● About this exercise
I need the number of lines in the data that include "lineweight"; reply with that number alone.

● Supplied data
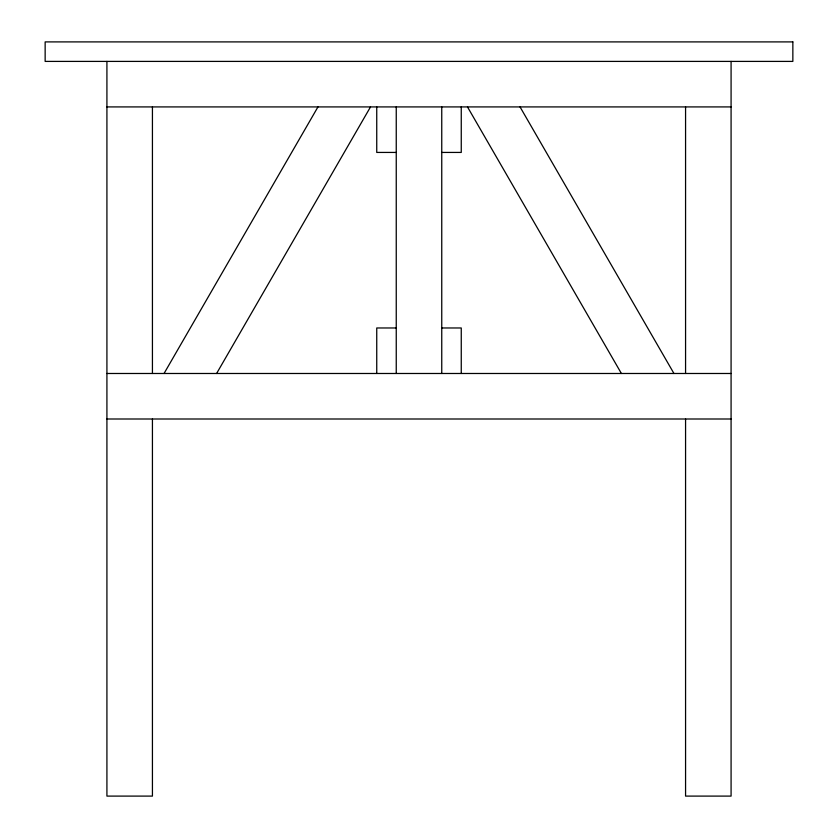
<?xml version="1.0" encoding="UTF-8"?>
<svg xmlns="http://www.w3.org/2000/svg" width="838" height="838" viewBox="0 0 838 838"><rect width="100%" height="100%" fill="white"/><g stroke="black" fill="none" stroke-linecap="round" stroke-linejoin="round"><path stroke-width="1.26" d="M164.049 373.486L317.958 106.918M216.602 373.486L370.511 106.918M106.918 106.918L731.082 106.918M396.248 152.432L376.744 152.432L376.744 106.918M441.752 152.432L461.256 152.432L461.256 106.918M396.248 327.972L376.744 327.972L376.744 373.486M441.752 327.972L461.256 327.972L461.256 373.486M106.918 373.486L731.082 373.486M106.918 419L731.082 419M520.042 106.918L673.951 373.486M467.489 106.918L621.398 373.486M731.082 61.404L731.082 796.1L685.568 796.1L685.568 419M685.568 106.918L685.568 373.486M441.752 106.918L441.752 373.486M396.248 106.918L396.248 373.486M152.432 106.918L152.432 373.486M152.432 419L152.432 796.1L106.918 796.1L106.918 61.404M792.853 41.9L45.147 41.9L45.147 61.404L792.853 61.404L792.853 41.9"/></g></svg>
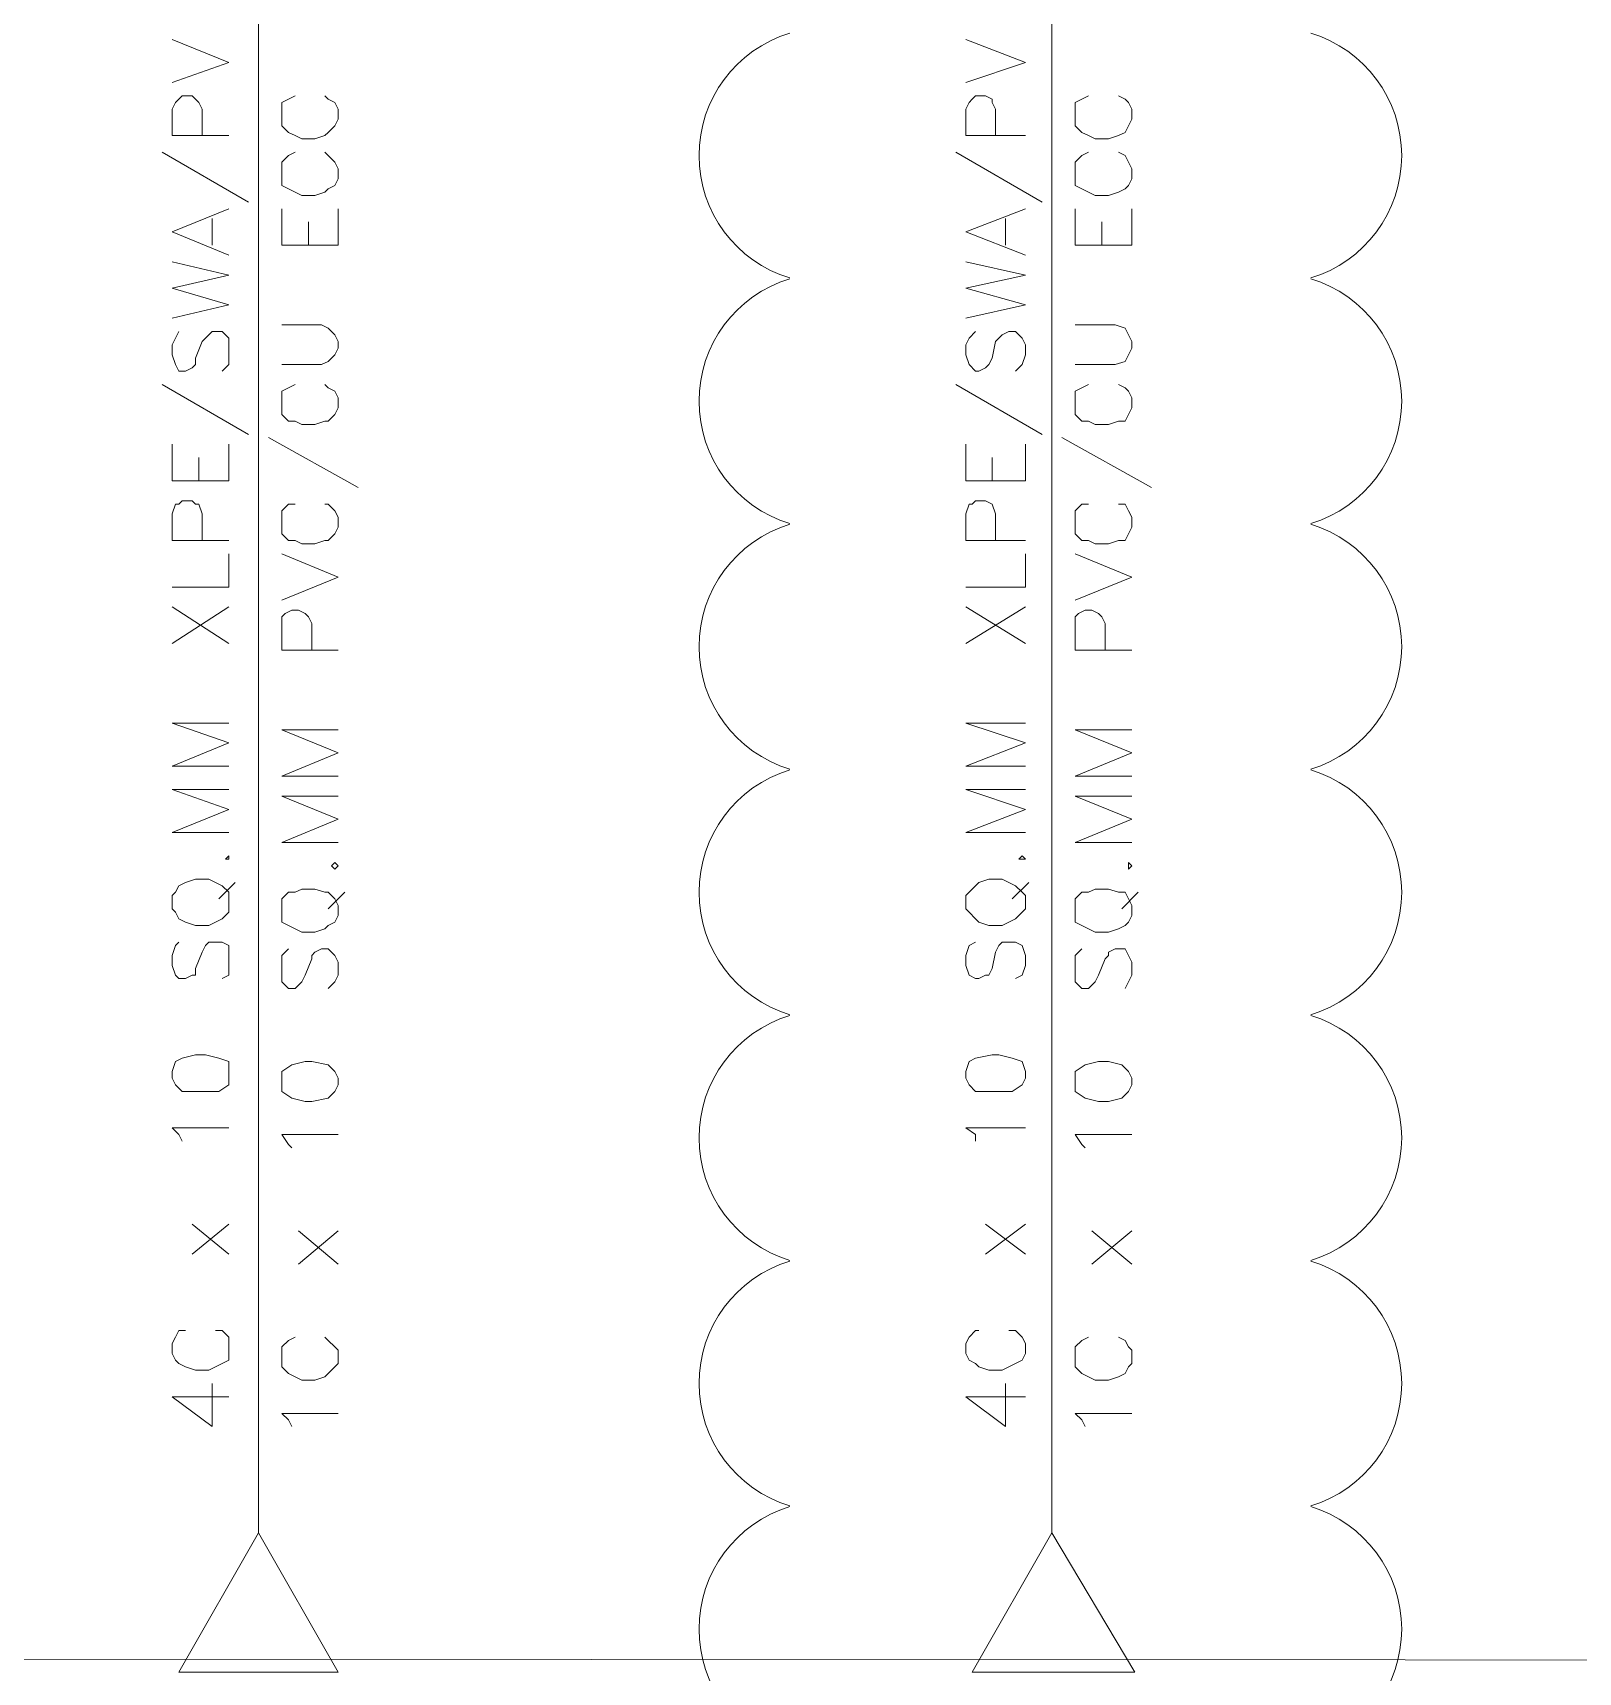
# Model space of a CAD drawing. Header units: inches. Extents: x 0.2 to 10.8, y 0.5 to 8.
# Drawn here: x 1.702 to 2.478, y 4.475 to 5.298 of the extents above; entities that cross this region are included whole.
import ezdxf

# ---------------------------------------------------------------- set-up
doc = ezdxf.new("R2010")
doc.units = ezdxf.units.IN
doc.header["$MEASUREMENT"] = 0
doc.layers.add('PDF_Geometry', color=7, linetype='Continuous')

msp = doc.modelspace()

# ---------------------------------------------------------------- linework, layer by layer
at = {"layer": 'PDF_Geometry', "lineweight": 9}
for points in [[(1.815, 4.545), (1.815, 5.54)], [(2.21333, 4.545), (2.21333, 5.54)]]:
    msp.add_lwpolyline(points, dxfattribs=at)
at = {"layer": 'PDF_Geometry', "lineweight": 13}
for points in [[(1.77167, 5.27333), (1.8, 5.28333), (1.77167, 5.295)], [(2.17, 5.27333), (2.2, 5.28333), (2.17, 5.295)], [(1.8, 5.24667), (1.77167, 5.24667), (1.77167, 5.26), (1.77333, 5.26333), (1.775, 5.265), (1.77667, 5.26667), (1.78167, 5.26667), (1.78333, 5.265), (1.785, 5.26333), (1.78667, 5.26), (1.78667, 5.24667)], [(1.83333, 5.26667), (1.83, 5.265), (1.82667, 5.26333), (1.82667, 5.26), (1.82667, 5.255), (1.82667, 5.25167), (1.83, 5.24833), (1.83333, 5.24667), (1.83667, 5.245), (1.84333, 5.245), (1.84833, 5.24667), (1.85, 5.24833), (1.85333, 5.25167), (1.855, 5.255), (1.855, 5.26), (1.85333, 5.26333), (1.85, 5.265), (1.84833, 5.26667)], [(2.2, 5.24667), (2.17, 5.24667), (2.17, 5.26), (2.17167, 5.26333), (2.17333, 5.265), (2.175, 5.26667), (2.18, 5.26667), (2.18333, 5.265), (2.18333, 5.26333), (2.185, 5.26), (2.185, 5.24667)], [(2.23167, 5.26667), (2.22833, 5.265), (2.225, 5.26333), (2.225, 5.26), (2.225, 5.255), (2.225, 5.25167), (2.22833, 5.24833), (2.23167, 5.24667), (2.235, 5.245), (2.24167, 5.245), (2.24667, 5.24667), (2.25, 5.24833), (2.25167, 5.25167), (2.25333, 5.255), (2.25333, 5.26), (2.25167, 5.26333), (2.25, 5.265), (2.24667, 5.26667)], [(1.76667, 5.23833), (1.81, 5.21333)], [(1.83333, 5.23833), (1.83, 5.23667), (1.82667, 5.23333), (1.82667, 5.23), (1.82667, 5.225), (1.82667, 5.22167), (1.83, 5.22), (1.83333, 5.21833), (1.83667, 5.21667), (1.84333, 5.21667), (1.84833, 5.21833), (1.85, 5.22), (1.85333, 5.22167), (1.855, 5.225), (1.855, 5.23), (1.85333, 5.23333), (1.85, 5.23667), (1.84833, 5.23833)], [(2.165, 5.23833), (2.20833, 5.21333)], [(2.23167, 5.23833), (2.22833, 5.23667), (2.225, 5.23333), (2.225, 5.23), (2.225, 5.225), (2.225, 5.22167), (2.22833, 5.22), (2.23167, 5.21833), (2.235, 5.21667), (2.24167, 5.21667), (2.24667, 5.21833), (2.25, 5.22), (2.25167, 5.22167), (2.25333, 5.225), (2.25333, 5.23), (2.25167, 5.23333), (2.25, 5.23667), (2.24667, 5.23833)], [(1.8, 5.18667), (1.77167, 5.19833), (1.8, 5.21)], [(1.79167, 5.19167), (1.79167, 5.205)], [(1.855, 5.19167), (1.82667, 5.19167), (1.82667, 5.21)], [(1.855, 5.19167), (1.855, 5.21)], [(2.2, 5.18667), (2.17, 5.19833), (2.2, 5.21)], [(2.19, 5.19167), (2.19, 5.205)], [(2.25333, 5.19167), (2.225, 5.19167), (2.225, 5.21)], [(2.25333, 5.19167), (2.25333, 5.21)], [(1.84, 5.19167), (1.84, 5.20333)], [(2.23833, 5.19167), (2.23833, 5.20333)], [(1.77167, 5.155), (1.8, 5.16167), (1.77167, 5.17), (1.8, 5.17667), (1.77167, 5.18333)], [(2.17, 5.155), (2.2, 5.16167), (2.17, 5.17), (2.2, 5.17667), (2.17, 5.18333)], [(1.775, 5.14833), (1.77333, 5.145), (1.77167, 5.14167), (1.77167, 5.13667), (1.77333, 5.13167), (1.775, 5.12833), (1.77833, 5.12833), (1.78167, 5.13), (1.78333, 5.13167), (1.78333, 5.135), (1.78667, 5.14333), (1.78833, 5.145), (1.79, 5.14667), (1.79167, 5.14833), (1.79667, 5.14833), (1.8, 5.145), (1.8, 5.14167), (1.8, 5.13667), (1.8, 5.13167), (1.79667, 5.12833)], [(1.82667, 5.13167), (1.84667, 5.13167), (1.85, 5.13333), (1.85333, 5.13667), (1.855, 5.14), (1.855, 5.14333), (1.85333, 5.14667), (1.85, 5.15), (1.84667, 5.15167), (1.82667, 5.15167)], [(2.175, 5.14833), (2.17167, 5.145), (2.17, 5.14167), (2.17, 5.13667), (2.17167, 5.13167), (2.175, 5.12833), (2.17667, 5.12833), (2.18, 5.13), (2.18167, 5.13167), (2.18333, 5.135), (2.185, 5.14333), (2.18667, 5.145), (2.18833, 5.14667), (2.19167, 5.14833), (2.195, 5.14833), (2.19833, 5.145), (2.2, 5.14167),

● Task solution
2